■ **PROBLEM DESCRIPTION**
Every line below from the one containing "Density: 1 g/cm^3" through the one containing "line L0 (-0.675, 0.675) -> (-0.675, 2.025)" must be transcribed exactly. Omit all lines outside that stretch.

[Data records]
[Start of section]

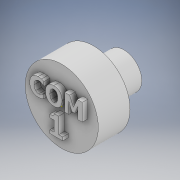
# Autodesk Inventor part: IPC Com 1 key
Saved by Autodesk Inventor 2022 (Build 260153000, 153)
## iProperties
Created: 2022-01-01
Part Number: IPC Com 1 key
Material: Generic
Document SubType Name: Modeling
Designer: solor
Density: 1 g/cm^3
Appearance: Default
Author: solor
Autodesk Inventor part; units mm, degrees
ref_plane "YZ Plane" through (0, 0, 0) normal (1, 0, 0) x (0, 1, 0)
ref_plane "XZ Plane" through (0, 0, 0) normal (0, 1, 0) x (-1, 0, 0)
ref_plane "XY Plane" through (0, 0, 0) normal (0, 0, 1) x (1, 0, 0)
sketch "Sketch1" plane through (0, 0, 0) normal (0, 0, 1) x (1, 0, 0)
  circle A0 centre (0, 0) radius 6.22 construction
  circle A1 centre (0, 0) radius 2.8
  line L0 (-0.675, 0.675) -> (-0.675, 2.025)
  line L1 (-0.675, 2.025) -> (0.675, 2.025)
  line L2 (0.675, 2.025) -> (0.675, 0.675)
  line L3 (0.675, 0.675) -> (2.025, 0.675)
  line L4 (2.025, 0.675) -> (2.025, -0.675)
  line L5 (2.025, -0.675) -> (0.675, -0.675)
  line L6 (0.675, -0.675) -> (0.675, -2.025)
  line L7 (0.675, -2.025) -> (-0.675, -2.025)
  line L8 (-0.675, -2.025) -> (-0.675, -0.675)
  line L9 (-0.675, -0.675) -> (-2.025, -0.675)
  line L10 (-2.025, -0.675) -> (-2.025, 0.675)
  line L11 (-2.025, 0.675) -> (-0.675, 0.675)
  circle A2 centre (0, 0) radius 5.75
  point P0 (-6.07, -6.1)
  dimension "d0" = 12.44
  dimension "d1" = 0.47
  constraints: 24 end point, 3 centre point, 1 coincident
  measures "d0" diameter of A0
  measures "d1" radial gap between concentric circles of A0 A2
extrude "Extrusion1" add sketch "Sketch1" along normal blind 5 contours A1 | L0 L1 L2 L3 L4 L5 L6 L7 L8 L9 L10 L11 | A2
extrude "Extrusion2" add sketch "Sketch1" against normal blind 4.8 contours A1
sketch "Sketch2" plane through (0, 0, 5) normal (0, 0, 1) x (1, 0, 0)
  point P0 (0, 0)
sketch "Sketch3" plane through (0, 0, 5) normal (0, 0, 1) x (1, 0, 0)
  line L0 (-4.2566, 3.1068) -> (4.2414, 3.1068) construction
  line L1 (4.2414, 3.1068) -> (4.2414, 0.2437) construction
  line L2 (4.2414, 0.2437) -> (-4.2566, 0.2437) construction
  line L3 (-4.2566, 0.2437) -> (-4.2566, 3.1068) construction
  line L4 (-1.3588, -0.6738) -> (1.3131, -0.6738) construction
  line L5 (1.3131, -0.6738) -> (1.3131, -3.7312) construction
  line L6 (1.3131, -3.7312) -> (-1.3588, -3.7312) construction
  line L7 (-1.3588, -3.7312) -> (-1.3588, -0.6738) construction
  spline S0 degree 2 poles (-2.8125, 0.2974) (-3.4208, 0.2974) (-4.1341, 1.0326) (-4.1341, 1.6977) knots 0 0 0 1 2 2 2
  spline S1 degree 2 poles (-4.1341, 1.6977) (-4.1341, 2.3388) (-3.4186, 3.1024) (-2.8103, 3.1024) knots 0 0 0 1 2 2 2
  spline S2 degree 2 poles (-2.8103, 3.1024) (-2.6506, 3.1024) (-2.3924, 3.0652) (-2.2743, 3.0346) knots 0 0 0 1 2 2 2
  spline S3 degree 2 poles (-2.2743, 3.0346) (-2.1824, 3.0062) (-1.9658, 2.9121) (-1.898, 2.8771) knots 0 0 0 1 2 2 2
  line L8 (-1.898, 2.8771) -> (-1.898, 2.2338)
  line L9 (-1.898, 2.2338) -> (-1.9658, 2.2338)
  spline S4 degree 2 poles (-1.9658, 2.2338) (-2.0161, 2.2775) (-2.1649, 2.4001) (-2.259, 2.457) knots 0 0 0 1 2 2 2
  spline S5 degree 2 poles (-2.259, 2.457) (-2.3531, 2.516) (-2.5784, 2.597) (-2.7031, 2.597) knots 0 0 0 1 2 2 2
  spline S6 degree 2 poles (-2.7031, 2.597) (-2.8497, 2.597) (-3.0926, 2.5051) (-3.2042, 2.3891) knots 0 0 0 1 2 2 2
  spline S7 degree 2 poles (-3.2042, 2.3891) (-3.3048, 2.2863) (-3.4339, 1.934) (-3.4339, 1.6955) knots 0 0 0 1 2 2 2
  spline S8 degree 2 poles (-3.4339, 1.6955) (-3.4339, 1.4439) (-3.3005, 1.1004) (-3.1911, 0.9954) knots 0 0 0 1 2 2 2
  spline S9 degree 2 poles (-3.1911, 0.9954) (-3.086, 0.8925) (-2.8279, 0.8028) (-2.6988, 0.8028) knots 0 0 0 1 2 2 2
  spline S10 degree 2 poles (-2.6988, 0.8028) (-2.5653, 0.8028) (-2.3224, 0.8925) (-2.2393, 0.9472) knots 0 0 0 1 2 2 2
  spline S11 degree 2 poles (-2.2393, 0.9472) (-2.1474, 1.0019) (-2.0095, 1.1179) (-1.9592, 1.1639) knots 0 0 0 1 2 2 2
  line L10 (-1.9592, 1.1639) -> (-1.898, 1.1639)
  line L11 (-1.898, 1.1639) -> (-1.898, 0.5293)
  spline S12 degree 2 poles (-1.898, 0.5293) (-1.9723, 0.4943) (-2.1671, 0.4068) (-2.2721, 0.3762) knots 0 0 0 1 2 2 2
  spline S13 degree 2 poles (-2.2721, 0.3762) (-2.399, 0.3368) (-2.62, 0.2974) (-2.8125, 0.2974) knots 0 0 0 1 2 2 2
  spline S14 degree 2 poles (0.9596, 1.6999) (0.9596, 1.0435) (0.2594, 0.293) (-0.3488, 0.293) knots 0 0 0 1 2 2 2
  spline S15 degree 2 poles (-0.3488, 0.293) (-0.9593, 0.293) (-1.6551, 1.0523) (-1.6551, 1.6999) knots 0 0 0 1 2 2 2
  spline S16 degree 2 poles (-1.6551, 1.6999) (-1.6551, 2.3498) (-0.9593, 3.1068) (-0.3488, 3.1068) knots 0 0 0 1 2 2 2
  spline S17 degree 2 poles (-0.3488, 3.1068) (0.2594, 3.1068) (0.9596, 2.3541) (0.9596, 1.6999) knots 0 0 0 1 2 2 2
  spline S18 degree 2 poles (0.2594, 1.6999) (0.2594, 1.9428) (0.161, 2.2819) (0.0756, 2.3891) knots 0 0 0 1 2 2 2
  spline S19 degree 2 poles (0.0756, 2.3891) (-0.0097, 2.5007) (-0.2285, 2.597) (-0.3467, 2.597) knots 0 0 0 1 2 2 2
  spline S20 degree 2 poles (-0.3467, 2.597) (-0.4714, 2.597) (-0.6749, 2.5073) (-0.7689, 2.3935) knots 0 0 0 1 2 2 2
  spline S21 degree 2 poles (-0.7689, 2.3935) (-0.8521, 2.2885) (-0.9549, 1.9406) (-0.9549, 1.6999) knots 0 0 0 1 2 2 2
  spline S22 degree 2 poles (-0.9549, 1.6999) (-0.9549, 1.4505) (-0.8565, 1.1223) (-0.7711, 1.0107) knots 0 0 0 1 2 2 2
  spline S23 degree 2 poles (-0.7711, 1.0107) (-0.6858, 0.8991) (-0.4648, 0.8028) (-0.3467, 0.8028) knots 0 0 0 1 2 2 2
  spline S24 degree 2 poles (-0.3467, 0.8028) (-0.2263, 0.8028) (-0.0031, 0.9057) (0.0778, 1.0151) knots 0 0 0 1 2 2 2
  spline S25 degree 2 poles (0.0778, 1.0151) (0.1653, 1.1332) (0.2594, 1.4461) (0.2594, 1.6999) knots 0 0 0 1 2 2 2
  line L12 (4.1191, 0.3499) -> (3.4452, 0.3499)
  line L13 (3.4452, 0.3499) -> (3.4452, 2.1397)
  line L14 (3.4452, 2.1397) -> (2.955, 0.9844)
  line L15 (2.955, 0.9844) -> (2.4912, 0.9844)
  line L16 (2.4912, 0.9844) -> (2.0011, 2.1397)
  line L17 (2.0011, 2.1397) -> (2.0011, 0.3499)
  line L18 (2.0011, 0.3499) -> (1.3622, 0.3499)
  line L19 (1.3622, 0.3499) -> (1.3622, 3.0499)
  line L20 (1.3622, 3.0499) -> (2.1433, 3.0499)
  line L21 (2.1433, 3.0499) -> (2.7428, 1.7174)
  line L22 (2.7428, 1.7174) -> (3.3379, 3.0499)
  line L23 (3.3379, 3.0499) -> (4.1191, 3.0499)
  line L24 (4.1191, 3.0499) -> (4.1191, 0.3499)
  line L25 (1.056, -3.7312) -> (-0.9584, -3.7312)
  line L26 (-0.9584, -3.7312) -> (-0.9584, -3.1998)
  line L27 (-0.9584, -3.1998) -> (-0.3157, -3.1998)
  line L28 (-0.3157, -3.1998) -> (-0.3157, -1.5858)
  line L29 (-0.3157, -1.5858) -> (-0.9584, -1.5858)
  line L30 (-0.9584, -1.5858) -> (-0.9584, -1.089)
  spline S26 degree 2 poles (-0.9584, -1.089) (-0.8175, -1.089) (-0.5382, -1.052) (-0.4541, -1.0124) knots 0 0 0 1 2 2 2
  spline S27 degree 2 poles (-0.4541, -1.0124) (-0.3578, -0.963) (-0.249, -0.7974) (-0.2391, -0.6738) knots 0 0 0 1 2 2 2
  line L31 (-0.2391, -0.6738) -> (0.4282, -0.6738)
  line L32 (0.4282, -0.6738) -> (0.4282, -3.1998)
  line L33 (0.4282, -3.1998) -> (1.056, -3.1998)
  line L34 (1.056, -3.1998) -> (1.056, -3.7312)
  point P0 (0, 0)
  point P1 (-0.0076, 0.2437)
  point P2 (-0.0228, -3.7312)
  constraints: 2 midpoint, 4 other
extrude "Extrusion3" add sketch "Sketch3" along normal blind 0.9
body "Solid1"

[End of section]

■ **RESPONSE TO THE EXERCISE**
Density: 1 g/cm^3
Appearance: Default
Author: solor
Autodesk Inventor part; units mm, degrees
ref_plane "YZ Plane" through (0, 0, 0) normal (1, 0, 0) x (0, 1, 0)
ref_plane "XZ Plane" through (0, 0, 0) normal (0, 1, 0) x (-1, 0, 0)
ref_plane "XY Plane" through (0, 0, 0) normal (0, 0, 1) x (1, 0, 0)
sketch "Sketch1" plane through (0, 0, 0) normal (0, 0, 1) x (1, 0, 0)
  circle A0 centre (0, 0) radius 6.22 construction
  circle A1 centre (0, 0) radius 2.8
  line L0 (-0.675, 0.675) -> (-0.675, 2.025)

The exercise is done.